3 raisons pour lesquelles Bamako poursuit Abdrahamane Keïta

Dans un contexte déjà tendu, le pouvoir militaire malien a décidé de traduire le journaliste Abdrahamane Keïta devant le Pôle judiciaire spécialisé de lutte contre la cybercriminalité. Son seul tort ? Avoir livré une analyse lucide sur la détérioration de la sécurité à Kidal et les difficultés rencontrées par l’armée sur le terrain. Une démarche qui interpelle et soulève des questions profondes sur l’état de la liberté de la presse au Mali.

Une réponse judiciaire à une analyse critique

Plutôt que de répondre aux interrogations légitimes de la population sur l’instabilité croissante dans le nord du pays, Bamako a choisi de museler les observateurs indépendants. En instrumentalisant la législation sur la cybercriminalité, le régime cherche à imposer un silence généralisé et à étouffer tout débat contradictoire sur sa gestion sécuritaire. La poursuite d’Abdrahamane Keïta illustre parfaitement cette mécanique.

Le journaliste est poursuivi pour avoir simplement relaté les faits, une pratique qui devient de plus en plus risquée pour les professionnels des médias au Mali. Le gouvernement semble considérer toute analyse critique comme une menace à l’ordre établi, préférant s’attaquer aux messagers plutôt que de remédier aux problèmes de fond.

Un schéma répressif qui s’étend au-delà des frontières

Le cas d’Abdrahamane Keïta n’est malheureusement pas isolé. Il s’inscrit dans une tendance plus large de réduction au silence des voix dissidentes, tant au Mali que dans les pays voisins du Sahel.
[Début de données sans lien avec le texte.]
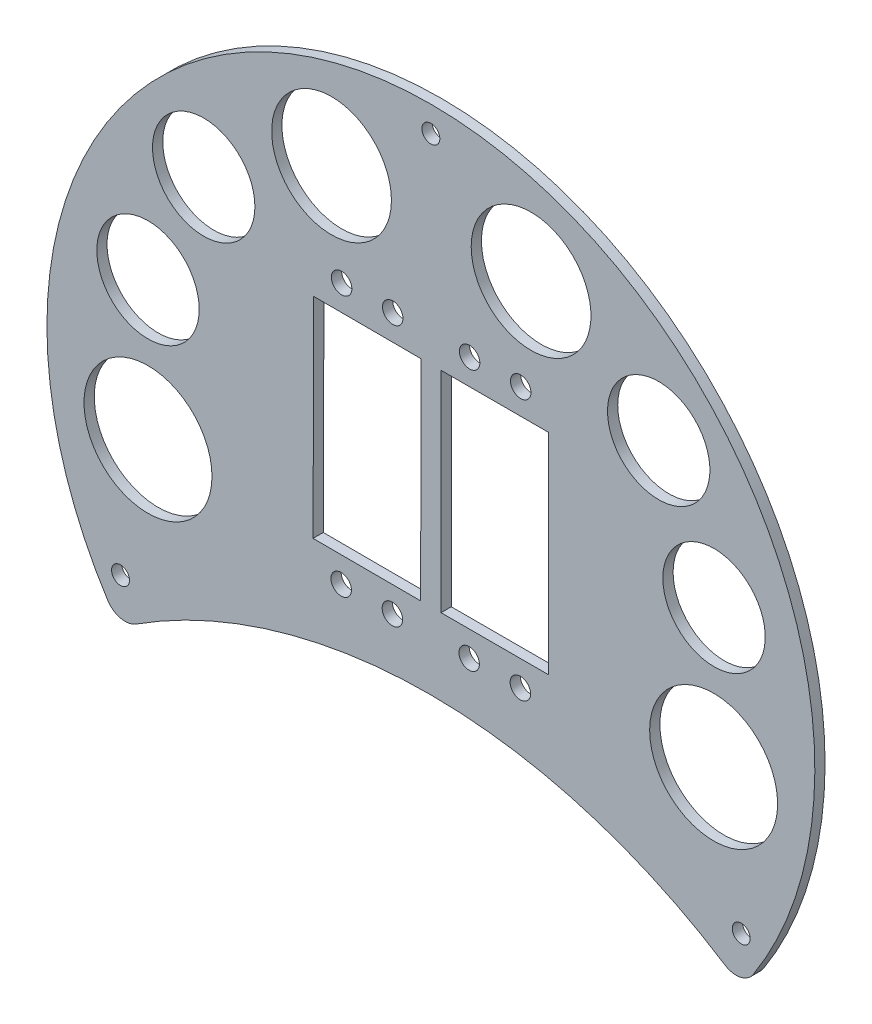
from build123d import *

# Parameters (mm, degrees)
EPAISSEUR_PLAQUE_DEPTH          = 2
ESQUISSE5_R                     = 1.75
PERCAGE_FIS_FIXATIONS_DEPTH     = 2
ARRONDIS_EXTREMITES_R           = 4
ESQUISSE10_R                    = 10
ESQUISSE10_R_2                  = 12.5
ESQUISSE10_R_3                  = 11.697835519
EVIDEMENT_DE_MATI_RE_DEPTH      = 2
ESQUISSE11_W                    = 21
ESQUISSE11_H                    = 41
ESQUISSE11_R                    = 2
EMPLACEMENTS_SERVOMOTEURS_DEPTH = 10


with BuildPart() as part:
    # Esquisse3 → Epaisseur plaque (new body)
    with BuildSketch(Plane.XY):
        with BuildLine():
            ThreePointArc((60.676831069, -44.083127967), (0.112789047, 74.999915191), (-60.809145642, -43.900430594))
            ThreePointArc((-60.809145642, -43.900430594), (-0.037511568, -24.943596323), (60.676831069, -44.083127967))
        make_face()
    extrude(amount=EPAISSEUR_PLAQUE_DEPTH)

    # Esquisse5 → Percage fis fixations (cut)
    with BuildSketch(Plane.XY.offset(2)):
        with Locations((0, 70)):
            Circle(ESQUISSE5_R)
        with Locations((60.621778265, -35)):
            Circle(ESQUISSE5_R)
        with Locations((-60.621778265, -35)):
            Circle(ESQUISSE5_R)
    extrude(amount=-PERCAGE_FIS_FIXATIONS_DEPTH, mode=Mode.SUBTRACT)

    # Arrondis extremites
    arrondis_extremites_edges = [part.edges().sort_by_distance(p)[0] for p in [
        (-60.809145642, -43.900430594, 1),
        (60.676831069, -44.083127967, 1),
    ]]
    fillet(arrondis_extremites_edges, radius=ARRONDIS_EXTREMITES_R)

    # Esquisse10 → Evidement de matière (cut)
    with BuildSketch(Plane.XY.offset(2)):
        with Locations((-44.375477733, 40.460370332)):
            Circle(ESQUISSE10_R)
        with Locations((-55.259118801, 17.647943075)):
            Circle(ESQUISSE10_R)
        with Locations((-55.259118801, -9.36594672)):
            Circle(ESQUISSE10_R_2)
        with Locations(Location((55.230698855, -9.532107458, 0), (0, 0, 180))):
            Circle(ESQUISSE10_R_2)
        with Locations(Location((55.311948653, 17.481660149, 0), (0, 0, 180))):
            Circle(ESQUISSE10_R)
        with Locations(Location((44.496969854, 40.326718999, 0), (0, 0, 180))):
            Circle(ESQUISSE10_R)
        with Locations((-19.404495621, 54.872818382)):
            Circle(ESQUISSE10_R_3)
        with Locations(Location((19.569449075, 54.814207195, 0), (0, 0, 180))):
            Circle(ESQUISSE10_R_3)
    extrude(amount=-EVIDEMENT_DE_MATI_RE_DEPTH, mode=Mode.SUBTRACT)

    # Esquisse11 → Emplacements servomoteurs (cut)
    with BuildSketch(Plane.XY.offset(2)):
        Polygon((-1.891789392, 30.96484727), (-2.015105277, -10.03496728), (-23.015010291, -9.971805486), (-22.891694406, 31.028009065), align=None)
        with Locations((12.484913946, 10.459017268)):
            Rectangle(ESQUISSE11_W, ESQUISSE11_H)
        with Locations((7.56186672, 35.974032472)):
            Circle(ESQUISSE11_R)
        with Locations((17.546338474, 35.959017268)):
            Circle(ESQUISSE11_R)
        with Locations((-7.453633256, 35.996613617)):
            Circle(ESQUISSE11_R)
        with Locations((-17.438105011, 36.011628821)):
            Circle(ESQUISSE11_R)
        with Locations((-17.522560101, -14.988347843)):
            Circle(ESQUISSE11_R)
        with Locations((17.477400322, -15.040982732)):
            Circle(ESQUISSE11_R)
        with Locations((7.47741163, -15.025944192)):
            Circle(ESQUISSE11_R)
        with Locations((-7.522571408, -15.003386383)):
            Circle(ESQUISSE11_R)
    extrude(amount=-EMPLACEMENTS_SERVOMOTEURS_DEPTH, mode=Mode.SUBTRACT)


solid = part.part

Au Mali même, plusieurs personnalités ont déjà été emprisonnées ou harcelées pour leurs opinions : le chroniqueur Mohamed Youssouf Bathily, connu sous le nom de Ras Bath, est toujours détenu ; l’universitaire Étienne Fakaba Sissoko a été condamné à de la prison ferme après la publication d’un ouvrage critique ; l’activiste Rokia Doumbia a également été incarcérée pour avoir dénoncé la vie chère.

Cette stratégie répressive dépasse les frontières maliennes. Au Burkina Faso, des journalistes comme Serge Oulon, Alain Traoré ou Kalifara Séré ont été enlevés ou contraints de rejoindre le front militaire après avoir exprimé des réserves sur la conduite de la guerre. Au Niger, Moussa Kaka et d’autres figures de la presse subissent des pressions constantes et des interpellations arbitraires.

Une vérité qui dérange

L’acharnement contre les journalistes témoigne d’une stratégie rodée : qualifier toute analyse divergente de « tentative de démoralisation des troupes » ou d’« atteinte à la sûreté de l’État ». Alors que la situation sécuritaire se dégrade, le gouvernement de transition s’enferme dans une intolérance systématique à la critique, entravant ainsi le travail d’investigation et le droit à l’information.

Ce climat de peur orchestré vise à purger l’espace public de toute contradiction. Les convocations répétées, les arrestations ciblées et les suspensions de médias sont devenues monnaie courante pour ceux qui refusent de se conformer au discours officiel. En s’attaquant à un journaliste pour avoir simplement documenté la réalité du terrain à Kidal, le régime confirme sa fragilité et sa détermination à isoler le pays sous une chape de plomb médiatique.